We will gradually gain greater clarity about what drives us forward through life if we engage with this sense of change, and set out to give substance to this half-formed sense of purpose.

When we take time to think and reflect on this, we will give this vague perception a chance to coalesce into something much more concrete. We open up a much greater opportunity for happiness if we redesign our lives around this driving force. We can then follow a lifestyle that allows us to live happily in the world.

Living in this way produces its own rewards. Providing a sense of purpose that will help us move towards as job, a career, a life that will satisfy this drive inside us. A way of being that helps make our purpose ever stronger and more central to who we are.

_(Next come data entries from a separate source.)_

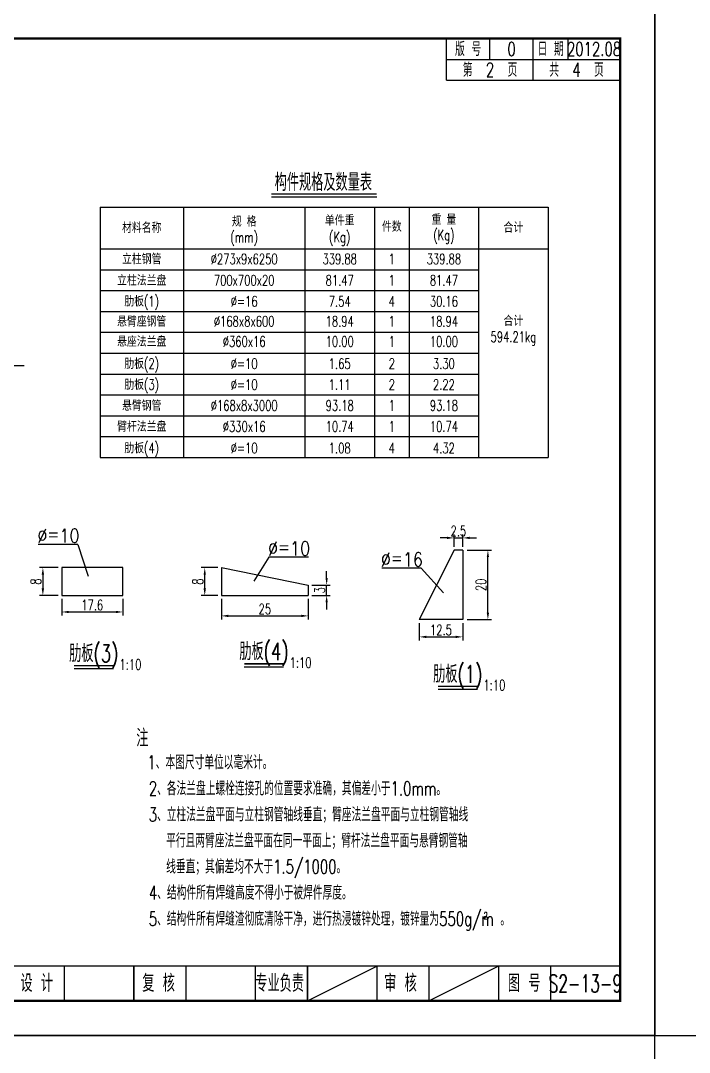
# Model space of a CAD drawing. Extents: x 4349 to 271026, y -15323 to -8945.
# Drawn here: x 4744.3 to 4936.9, y -12186.9 to -11889.9 of the extents above; entities that cross this region are included whole.
import ezdxf
from ezdxf.enums import TextEntityAlignment as Align

# ---------------------------------------------------------------- set-up
doc = ezdxf.new("R2010")
doc.units = 0
doc.header["$LTSCALE"] = 2
doc.header["$PDMODE"] = 32
doc.header["$PDSIZE"] = 0.3
doc.layers.get('0').update_dxf_attribs({"linetype": 'CONTINUOUS'})
doc.layers.get('DEFPOINTS').update_dxf_attribs({"linetype": 'CONTINUOUS'})
for name, color, linetype in [('图框', 7, 'CONTINUOUS'), ('尺寸标注', 4, 'CONTINUOUS'), ('文字', 7, 'CONTINUOUS'), ('文字符号', 7, 'CONTINUOUS'), ('结构1', 1, 'CONTINUOUS')]:
    doc.layers.add(name, color=color, linetype=linetype)
doc.styles.get("Standard").update_dxf_attribs({"font": 'simplex1.shx', "width": 0.7, "bigfont": 'hztxt.shx'})
doc.dimstyles.new('1：10', dxfattribs={"dimtxt": 3, "dimasz": 2, "dimexe": 1, "dimexo": 1, "dimgap": 0.5, "dimtad": 1, "dimrnd": 0.0095, "dimdsep": 46, "dimtxsty": 'Standard', "dimcen": 0.09, "dimclrd": 256, "dimclre": 256, "dimadec": 0, "dimazin": 0, "dimtfac": 1, "dimtix": 1, "dimtmove": 2, "dimatfit": 3, "dimfxl": 0, "dimtolj": 1, "dimtzin": 0, "dimarcsym": 0})

# ---------------------------------------------------------------- blocks, each defined once
blk = doc.blocks.new('series')
at = {"width": 0.75}
for tag, height, p in [('页码', 4, (-35, -19)), ('图名', 5, (-220, -282)), ('图号', 5, (-20, -282))]:
    blk.add_attdef(tag, text='', height=height, dxfattribs=at).set_placement(p, align=Align.MIDDLE_CENTER)
blk = doc.blocks.new('*D527')
at = {"layer": 'DEFPOINTS', "color": 0, "linetype": 'Continuous'}
for p in [(4756.17, -12047.32), (4750.75, -12055.32), (4756.17, -12055.32)]:
    blk.add_point(p, dxfattribs=at)
at = {"layer": '尺寸标注', "linetype": 'Continuous', "lineweight": -2}
for p, q in [((4755.17, -12047.32), (4749.75, -12047.32)), ((4750.75, -12049.32), (4750.75, -12053.32)), ((4755.17, -12055.32), (4749.75, -12055.32))]:
    blk.add_line(p, q, dxfattribs=at)
at = {"layer": '尺寸标注', "linetype": 'Continuous'}
for points in [[(4750.41, -12049.32), (4751.08, -12049.32), (4750.75, -12047.32)], [(4750.41, -12053.32), (4751.08, -12053.32), (4750.75, -12055.32)]]:
    blk.add_solid(points, dxfattribs=at)
at = {"layer": '尺寸标注', "color": 0, "linetype": 'Continuous', "insert": (4748.75, -12051.32), "char_height": 3, "attachment_point": 5, "rotation": 90}
blk.add_mtext('\\A1;8', dxfattribs=at)
blk = doc.blocks.new('*D528')
at = {"layer": 'DEFPOINTS', "color": 0, "linetype": 'Continuous'}
for p in [(4756.17, -12055.32), (4773.77, -12055.32), (4773.77, -12060.08)]:
    blk.add_point(p, dxfattribs=at)
at = {"layer": '尺寸标注', "linetype": 'Continuous', "lineweight": -2}
for p, q in [((4756.17, -12056.32), (4756.17, -12061.08)), ((4773.77, -12056.32), (4773.77, -12061.08)), ((4758.17, -12060.08), (4771.77, -12060.08))]:
    blk.add_line(p, q, dxfattribs=at)
at = {"layer": '尺寸标注', "linetype": 'Continuous'}
for points in [[(4758.17, -12059.75), (4758.17, -12060.41), (4756.17, -12060.08)], [(4771.77, -12059.75), (4771.77, -12060.41), (4773.77, -12060.08)]]:
    blk.add_solid(points, dxfattribs=at)
at = {"layer": '尺寸标注', "color": 0, "linetype": 'Continuous', "insert": (4764.97, -12058.08), "char_height": 3, "attachment_point": 5}
blk.add_mtext('\\A1;17.6', dxfattribs=at)
blk = doc.blocks.new('*D529')
at = {"layer": 'DEFPOINTS', "color": 0, "linetype": 'Continuous'}
for p in [(4802.14, -12055.32), (4827.14, -12055.32), (4827.14, -12061.21)]:
    blk.add_point(p, dxfattribs=at)
at = {"layer": '尺寸标注', "linetype": 'Continuous', "lineweight": -2}
for p, q in [((4802.14, -12056.32), (4802.14, -12062.21)), ((4827.14, -12056.32), (4827.14, -12062.21)), ((4804.14, -12061.21), (4825.14, -12061.21))]:
    blk.add_line(p, q, dxfattribs=at)
at = {"layer": '尺寸标注', "linetype": 'Continuous'}
for points in [[(4804.14, -12060.87), (4804.14, -12061.54), (4802.14, -12061.21)], [(4825.14, -12060.87), (4825.14, -12061.54), (4827.14, -12061.21)]]:
    blk.add_solid(points, dxfattribs=at)
at = {"layer": '尺寸标注', "color": 0, "linetype": 'Continuous', "insert": (4814.64, -12059.21), "char_height": 3, "attachment_point": 5}
blk.add_mtext('\\A1;25', dxfattribs=at)
blk = doc.blocks.new('*D530')
at = {"layer": 'DEFPOINTS', "color": 0, "linetype": 'Continuous'}
for p in [(4797.35, -12047.32), (4802.14, -12047.32), (4802.14, -12055.32)]:
    blk.add_point(p, dxfattribs=at)
at = {"layer": '尺寸标注', "linetype": 'Continuous', "lineweight": -2}
for p, q in [((4801.14, -12047.32), (4796.35, -12047.32)), ((4797.35, -12053.32), (4797.35, -12049.32)), ((4801.14, -12055.32), (4796.35, -12055.32))]:
    blk.add_line(p, q, dxfattribs=at)
at = {"layer": '尺寸标注', "linetype": 'Continuous'}
for points in [[(4797.02, -12049.32), (4797.68, -12049.32), (4797.35, -12047.32)], [(4797.02, -12053.32), (4797.68, -12053.32), (4797.35, -12055.32)]]:
    blk.add_solid(points, dxfattribs=at)
at = {"layer": '尺寸标注', "color": 0, "linetype": 'Continuous', "insert": (4795.35, -12051.32), "char_height": 3, "attachment_point": 5, "rotation": 90}
blk.add_mtext('\\A1;8', dxfattribs=at)
blk = doc.blocks.new('*D531')
at = {"layer": 'DEFPOINTS', "color": 0, "linetype": 'Continuous'}
for p in [(4827.14, -12052.32), (4832.44, -12052.32), (4827.14, -12055.32)]:
    blk.add_point(p, dxfattribs=at)
at = {"layer": '尺寸标注', "linetype": 'Continuous', "lineweight": -2}
for p, q in [((4832.44, -12050.32), (4832.44, -12048.32)), ((4828.14, -12052.32), (4833.44, -12052.32)), ((4832.44, -12055.32), (4832.44, -12052.32)), ((4828.14, -12055.32), (4833.44, -12055.32)), ((4832.44, -12057.32), (4832.44, -12059.32))]:
    blk.add_line(p, q, dxfattribs=at)
at = {"layer": '尺寸标注', "linetype": 'Continuous'}
for points in [[(4832.11, -12050.32), (4832.77, -12050.32), (4832.44, -12052.32)], [(4832.11, -12057.32), (4832.77, -12057.32), (4832.44, -12055.32)]]:
    blk.add_solid(points, dxfattribs=at)
at = {"layer": '尺寸标注', "color": 0, "linetype": 'Continuous', "insert": (4830.44, -12053.82), "char_height": 3, "attachment_point": 5, "rotation": 90}
blk.add_mtext('\\A1;3', dxfattribs=at)
blk = doc.blocks.new('*D532')
at = {"layer": 'DEFPOINTS', "color": 0, "linetype": 'Continuous'}
for p in [(4859.11, -12062.28), (4871.61, -12062.28), (4871.61, -12067.25)]:
    blk.add_point(p, dxfattribs=at)
at = {"layer": '尺寸标注', "linetype": 'Continuous', "lineweight": -2}
for p, q in [((4859.11, -12063.28), (4859.11, -12068.25)), ((4871.61, -12063.28), (4871.61, -12068.25)), ((4861.11, -12067.25), (4869.61, -12067.25))]:
    blk.add_line(p, q, dxfattribs=at)
at = {"layer": '尺寸标注', "linetype": 'Continuous'}
for points in [[(4861.11, -12066.92), (4861.11, -12067.58), (4859.11, -12067.25)], [(4869.61, -12066.92), (4869.61, -12067.58), (4871.61, -12067.25)]]:
    blk.add_solid(points, dxfattribs=at)
at = {"layer": '尺寸标注', "color": 0, "linetype": 'Continuous', "insert": (4865.36, -12065.25), "char_height": 3, "attachment_point": 5}
blk.add_mtext('\\A1;12.5', dxfattribs=at)
blk = doc.blocks.new('*D533')
at = {"layer": 'DEFPOINTS', "color": 0, "linetype": 'Continuous'}
for p in [(4871.61, -12042.28), (4878.86, -12042.28), (4871.61, -12062.28)]:
    blk.add_point(p, dxfattribs=at)
at = {"layer": '尺寸标注', "linetype": 'Continuous', "lineweight": -2}
for p, q in [((4872.86, -12042.28), (4879.86, -12042.28)), ((4878.86, -12060.28), (4878.86, -12044.28)), ((4872.86, -12062.28), (4879.86, -12062.28))]:
    blk.add_line(p, q, dxfattribs=at)
at = {"layer": '尺寸标注', "linetype": 'Continuous'}
for points in [[(4878.53, -12044.28), (4879.19, -12044.28), (4878.86, -12042.28)], [(4878.53, -12060.28), (4879.19, -12060.28), (4878.86, -12062.28)]]:
    blk.add_solid(points, dxfattribs=at)
at = {"layer": '尺寸标注', "color": 0, "linetype": 'Continuous', "insert": (4876.86, -12052.28), "char_height": 3, "attachment_point": 5, "rotation": 90}
blk.add_mtext('\\A1;20', dxfattribs=at)
blk = doc.blocks.new('*D534')
at = {"layer": 'DEFPOINTS', "color": 0, "linetype": 'Continuous'}
for p in [(4871.61, -12038.76), (4869.11, -12042.28), (4871.61, -12042.28)]:
    blk.add_point(p, dxfattribs=at)
at = {"layer": '尺寸标注', "linetype": 'Continuous', "lineweight": -2}
for p, q in [((4867.11, -12038.76), (4865.11, -12038.76)), ((4869.11, -12041.28), (4869.11, -12037.76)), ((4869.11, -12038.76), (4871.61, -12038.76)), ((4871.61, -12041.28), (4871.61, -12037.76)), ((4873.61, -12038.76), (4875.61, -12038.76))]:
    blk.add_line(p, q, dxfattribs=at)
at = {"layer": '尺寸标注', "linetype": 'Continuous'}
for points in [[(4867.11, -12038.42), (4867.11, -12039.09), (4869.11, -12038.76)], [(4873.61, -12038.42), (4873.61, -12039.09), (4871.61, -12038.76)]]:
    blk.add_solid(points, dxfattribs=at)
at = {"layer": '尺寸标注', "color": 0, "linetype": 'Continuous', "insert": (4870.36, -12036.76), "char_height": 3, "attachment_point": 5}
blk.add_mtext('\\A1;2.5', dxfattribs=at)
blk = doc.blocks.new('12345')
at = {"layer": '图框'}
blk.add_lwpolyline([(4926.93, -9362.88), (4926.93, -9065.88), (4506.93, -9065.88), (4506.93, -9362.88)], close=True, dxfattribs=at)
blk = doc.blocks.new('123456')
at = {"layer": '图框', "linetype": 'Continuous'}
blk.add_blockref('12345', (0, -2522.15), dxfattribs=at)

msp = doc.modelspace()

# ---------------------------------------------------------------- linework, layer by layer
at = {"layer": '图框'}
for p, q in [((4866.92857, -11907.02657), (4866.92857, -11895.02657)), ((4879.42857, -11901.02657), (4879.42857, -11895.02657)), ((4891.92857, -11901.02657), (4891.92857, -11895.02657)), ((4901.92857, -11901.02657), (4901.92857, -11895.02657)), ((4866.92857, -11901.02657), (4916.92857, -11901.02657)), ((4891.92857, -11907.02657), (4891.92857, -11901.02657)), ((4866.92857, -11907.02657), (4916.92857, -11907.02657)), ((4881.92858, -12162.02657), (4861.92858, -12172.02657))]:
    msp.add_line(p, q, dxfattribs=at)
at = {"layer": '图框', "linetype": 'Continuous'}
msp.add_line((4826.92858, -12172.02657), (4846.92858, -12162.02657), dxfattribs=at)
at = {"layer": '图框'}
for points, const_width in [([(4916.92857, -11895.02657), (4536.92857, -11895.02657), (4536.92858, -12172.02657), (4916.92858, -12172.02657), (4916.92857, -11895.02657)], 0.7), ([(4536.92858, -12162.02657), (4916.92858, -12162.02657)], 0.4), ([(4756.92858, -12172.02657), (4756.92858, -12162.02657)], 0.4), ([(4776.92858, -12172.02657), (4776.92858, -12162.02657)], 0.4), ([(4791.92858, -12172.02657), (4791.92858, -12162.02657)], 0.4), ([(4811.92858, -12172.02657), (4811.92858, -12162.02657)], 0.4), ([(4811.92858, -12172.02657), (4811.92858, -12162.02657)], 0.4), ([(4826.92858, -12172.02657), (4826.92858, -12162.02657)], 0.4), ([(4846.92858, -12172.02657), (4846.92858, -12162.02657)], 0.4), ([(4861.92858, -12172.02657), (4861.92858, -12162.02657)], 0.4), ([(4881.92858, -12172.02657), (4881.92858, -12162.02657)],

This sense of fulfillment drives us on to achieve our goals.

When we go in search of our sense of purpose, it can feel like trying to catch smoke in a sieve, but in reality it is not as hard.

If we use mindfulness to produce unfocused attention, generating a state of mindful reverie, and then use this to reflect on everything our sense of purpose will gradually become clearer. This free-floating approach to self-knowledge can generate anxiety, a response to moving outside our comfort zones, and this can drive us to cut short our search and settle for something less.

This fear can prevent us from following the river of our inspiration back to its source, and is an indication that we should examine the conflicts that arise within ourselves and use their energy to drive our search onwards. It is when we step beyond the edges of our normal range that true discovery is possible.

Reverie provides a way for us to reflect and examine what we believe is our foundation, and then, as we carefully tease this apart, we can slowly but surely rebuild ourselves as we wish to be, as we continue to grow and develop throughout our lives.

In the process, we can rebuild our mental core, realign our life with our values, and become the very best we can be.